Copy out each line of the data below in which the string "message" appears.

Stored entries
—————

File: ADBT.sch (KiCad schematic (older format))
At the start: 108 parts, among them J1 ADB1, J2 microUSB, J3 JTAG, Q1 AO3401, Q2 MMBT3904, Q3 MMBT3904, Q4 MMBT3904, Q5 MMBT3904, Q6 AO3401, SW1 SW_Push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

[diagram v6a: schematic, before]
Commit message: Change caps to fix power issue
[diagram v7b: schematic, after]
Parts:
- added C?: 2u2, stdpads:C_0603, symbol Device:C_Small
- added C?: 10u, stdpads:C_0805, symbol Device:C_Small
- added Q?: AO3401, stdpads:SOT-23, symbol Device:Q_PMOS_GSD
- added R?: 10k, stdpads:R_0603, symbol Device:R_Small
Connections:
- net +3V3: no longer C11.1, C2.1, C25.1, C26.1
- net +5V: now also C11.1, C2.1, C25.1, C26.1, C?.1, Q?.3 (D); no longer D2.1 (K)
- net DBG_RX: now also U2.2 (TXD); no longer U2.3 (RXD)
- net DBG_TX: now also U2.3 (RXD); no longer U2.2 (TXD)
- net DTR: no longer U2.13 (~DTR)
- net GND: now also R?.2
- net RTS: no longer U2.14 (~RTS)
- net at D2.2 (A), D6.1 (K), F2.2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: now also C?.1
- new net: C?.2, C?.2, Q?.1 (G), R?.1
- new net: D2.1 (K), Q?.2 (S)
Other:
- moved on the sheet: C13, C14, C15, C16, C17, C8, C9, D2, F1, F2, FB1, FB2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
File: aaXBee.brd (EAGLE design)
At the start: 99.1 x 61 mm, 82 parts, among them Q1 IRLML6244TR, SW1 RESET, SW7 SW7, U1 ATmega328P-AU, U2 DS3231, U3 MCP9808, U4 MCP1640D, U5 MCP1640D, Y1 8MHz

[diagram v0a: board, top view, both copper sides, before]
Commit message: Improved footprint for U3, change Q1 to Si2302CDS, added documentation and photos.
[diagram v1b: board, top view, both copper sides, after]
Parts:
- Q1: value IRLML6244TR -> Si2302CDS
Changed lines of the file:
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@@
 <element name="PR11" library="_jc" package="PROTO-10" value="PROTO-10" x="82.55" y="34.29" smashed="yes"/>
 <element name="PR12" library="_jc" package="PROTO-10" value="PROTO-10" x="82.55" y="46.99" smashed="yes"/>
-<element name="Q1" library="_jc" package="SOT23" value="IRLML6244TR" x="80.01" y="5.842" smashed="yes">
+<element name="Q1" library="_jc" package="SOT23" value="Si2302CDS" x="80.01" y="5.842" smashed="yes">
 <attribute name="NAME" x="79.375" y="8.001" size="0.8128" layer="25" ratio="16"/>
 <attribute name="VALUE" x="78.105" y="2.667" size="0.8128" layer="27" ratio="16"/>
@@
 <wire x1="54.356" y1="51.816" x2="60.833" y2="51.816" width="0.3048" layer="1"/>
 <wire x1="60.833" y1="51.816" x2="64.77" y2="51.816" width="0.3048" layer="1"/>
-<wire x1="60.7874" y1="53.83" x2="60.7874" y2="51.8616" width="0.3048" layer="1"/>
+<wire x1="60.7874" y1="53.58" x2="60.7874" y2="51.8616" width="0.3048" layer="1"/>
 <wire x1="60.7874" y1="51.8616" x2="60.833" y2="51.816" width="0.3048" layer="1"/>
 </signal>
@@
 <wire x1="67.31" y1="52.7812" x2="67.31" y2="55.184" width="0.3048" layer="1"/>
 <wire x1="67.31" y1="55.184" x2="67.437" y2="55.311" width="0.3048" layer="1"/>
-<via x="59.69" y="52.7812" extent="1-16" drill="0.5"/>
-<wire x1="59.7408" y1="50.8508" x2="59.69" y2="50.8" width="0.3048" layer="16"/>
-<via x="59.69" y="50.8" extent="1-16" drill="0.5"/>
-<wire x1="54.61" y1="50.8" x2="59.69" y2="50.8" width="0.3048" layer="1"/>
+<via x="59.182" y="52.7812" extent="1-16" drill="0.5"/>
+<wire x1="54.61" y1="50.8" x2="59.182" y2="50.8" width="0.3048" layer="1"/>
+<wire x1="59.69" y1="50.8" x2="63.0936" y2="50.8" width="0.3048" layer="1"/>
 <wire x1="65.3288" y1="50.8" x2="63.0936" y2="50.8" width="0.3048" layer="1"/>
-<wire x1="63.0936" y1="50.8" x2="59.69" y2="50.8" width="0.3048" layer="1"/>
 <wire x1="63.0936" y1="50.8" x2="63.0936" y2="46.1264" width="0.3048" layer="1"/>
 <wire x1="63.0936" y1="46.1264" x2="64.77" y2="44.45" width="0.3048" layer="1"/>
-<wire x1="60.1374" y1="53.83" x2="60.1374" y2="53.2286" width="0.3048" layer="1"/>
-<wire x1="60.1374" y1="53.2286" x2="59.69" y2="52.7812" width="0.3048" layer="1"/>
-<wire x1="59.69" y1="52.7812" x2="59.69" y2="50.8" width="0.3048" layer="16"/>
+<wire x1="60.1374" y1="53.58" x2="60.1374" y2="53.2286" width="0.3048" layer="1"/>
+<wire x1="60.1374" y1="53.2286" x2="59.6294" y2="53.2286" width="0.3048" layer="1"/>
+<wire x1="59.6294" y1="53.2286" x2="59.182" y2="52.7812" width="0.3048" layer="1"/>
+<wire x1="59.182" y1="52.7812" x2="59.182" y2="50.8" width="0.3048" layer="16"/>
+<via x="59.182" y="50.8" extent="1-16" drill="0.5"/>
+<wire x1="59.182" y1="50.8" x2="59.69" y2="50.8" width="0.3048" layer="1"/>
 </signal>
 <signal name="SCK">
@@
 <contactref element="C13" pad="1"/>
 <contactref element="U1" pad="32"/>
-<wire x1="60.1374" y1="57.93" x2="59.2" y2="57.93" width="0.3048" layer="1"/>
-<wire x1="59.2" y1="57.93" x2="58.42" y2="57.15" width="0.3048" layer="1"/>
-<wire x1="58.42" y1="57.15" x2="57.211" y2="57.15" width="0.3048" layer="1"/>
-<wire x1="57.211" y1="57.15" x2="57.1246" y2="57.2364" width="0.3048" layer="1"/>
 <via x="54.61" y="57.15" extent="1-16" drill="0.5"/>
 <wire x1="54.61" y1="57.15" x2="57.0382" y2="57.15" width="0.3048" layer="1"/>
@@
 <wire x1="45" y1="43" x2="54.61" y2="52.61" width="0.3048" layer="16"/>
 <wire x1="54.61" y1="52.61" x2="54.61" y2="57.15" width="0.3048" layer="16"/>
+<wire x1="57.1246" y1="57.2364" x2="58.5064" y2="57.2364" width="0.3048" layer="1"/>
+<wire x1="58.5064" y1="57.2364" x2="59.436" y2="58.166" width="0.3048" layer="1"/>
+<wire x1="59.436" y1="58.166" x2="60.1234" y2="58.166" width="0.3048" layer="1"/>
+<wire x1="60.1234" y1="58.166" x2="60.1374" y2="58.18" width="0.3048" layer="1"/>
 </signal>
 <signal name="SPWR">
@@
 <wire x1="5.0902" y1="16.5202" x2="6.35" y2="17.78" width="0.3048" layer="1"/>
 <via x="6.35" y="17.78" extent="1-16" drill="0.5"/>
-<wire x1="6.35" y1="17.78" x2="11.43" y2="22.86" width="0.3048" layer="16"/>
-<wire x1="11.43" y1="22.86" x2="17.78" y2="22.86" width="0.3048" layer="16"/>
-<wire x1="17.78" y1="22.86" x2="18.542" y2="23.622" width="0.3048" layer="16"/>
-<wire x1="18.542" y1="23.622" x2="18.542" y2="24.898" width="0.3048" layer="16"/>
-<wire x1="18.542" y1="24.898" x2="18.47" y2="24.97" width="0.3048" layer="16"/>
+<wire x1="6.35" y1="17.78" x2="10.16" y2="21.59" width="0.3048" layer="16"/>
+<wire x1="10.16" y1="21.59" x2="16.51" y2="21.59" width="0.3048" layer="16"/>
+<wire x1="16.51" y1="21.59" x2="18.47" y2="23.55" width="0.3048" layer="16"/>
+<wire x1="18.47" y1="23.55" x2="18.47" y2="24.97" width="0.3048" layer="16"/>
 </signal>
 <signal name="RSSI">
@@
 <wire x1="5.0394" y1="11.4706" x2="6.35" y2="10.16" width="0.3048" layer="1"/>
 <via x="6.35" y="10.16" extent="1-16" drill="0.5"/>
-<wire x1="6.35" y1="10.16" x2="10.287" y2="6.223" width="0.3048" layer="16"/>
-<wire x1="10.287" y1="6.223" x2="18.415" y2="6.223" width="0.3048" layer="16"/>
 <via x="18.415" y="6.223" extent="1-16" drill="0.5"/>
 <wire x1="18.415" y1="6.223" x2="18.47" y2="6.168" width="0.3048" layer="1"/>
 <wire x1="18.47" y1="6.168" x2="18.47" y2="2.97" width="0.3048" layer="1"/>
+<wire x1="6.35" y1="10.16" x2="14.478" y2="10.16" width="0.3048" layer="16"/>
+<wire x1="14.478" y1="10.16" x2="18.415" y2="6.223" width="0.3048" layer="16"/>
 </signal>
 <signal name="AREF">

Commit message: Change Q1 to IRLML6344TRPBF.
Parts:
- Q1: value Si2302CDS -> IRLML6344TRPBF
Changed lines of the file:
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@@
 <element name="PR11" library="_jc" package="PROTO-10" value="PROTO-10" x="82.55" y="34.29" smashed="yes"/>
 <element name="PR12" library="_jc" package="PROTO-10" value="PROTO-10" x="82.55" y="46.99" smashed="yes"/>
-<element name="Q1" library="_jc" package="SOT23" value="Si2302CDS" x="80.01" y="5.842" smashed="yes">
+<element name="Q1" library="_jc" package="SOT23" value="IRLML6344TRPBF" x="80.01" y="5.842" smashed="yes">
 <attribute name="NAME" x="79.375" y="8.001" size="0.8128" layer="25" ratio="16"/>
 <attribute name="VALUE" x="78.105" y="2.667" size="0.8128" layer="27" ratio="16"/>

—————

## EXERCISE ANSWER
Commit message: Change caps to fix power issue
Commit message: Improved footprint for U3, change Q1 to Si2302CDS, added documentation and photos.
Commit message: Change Q1 to IRLML6344TRPBF.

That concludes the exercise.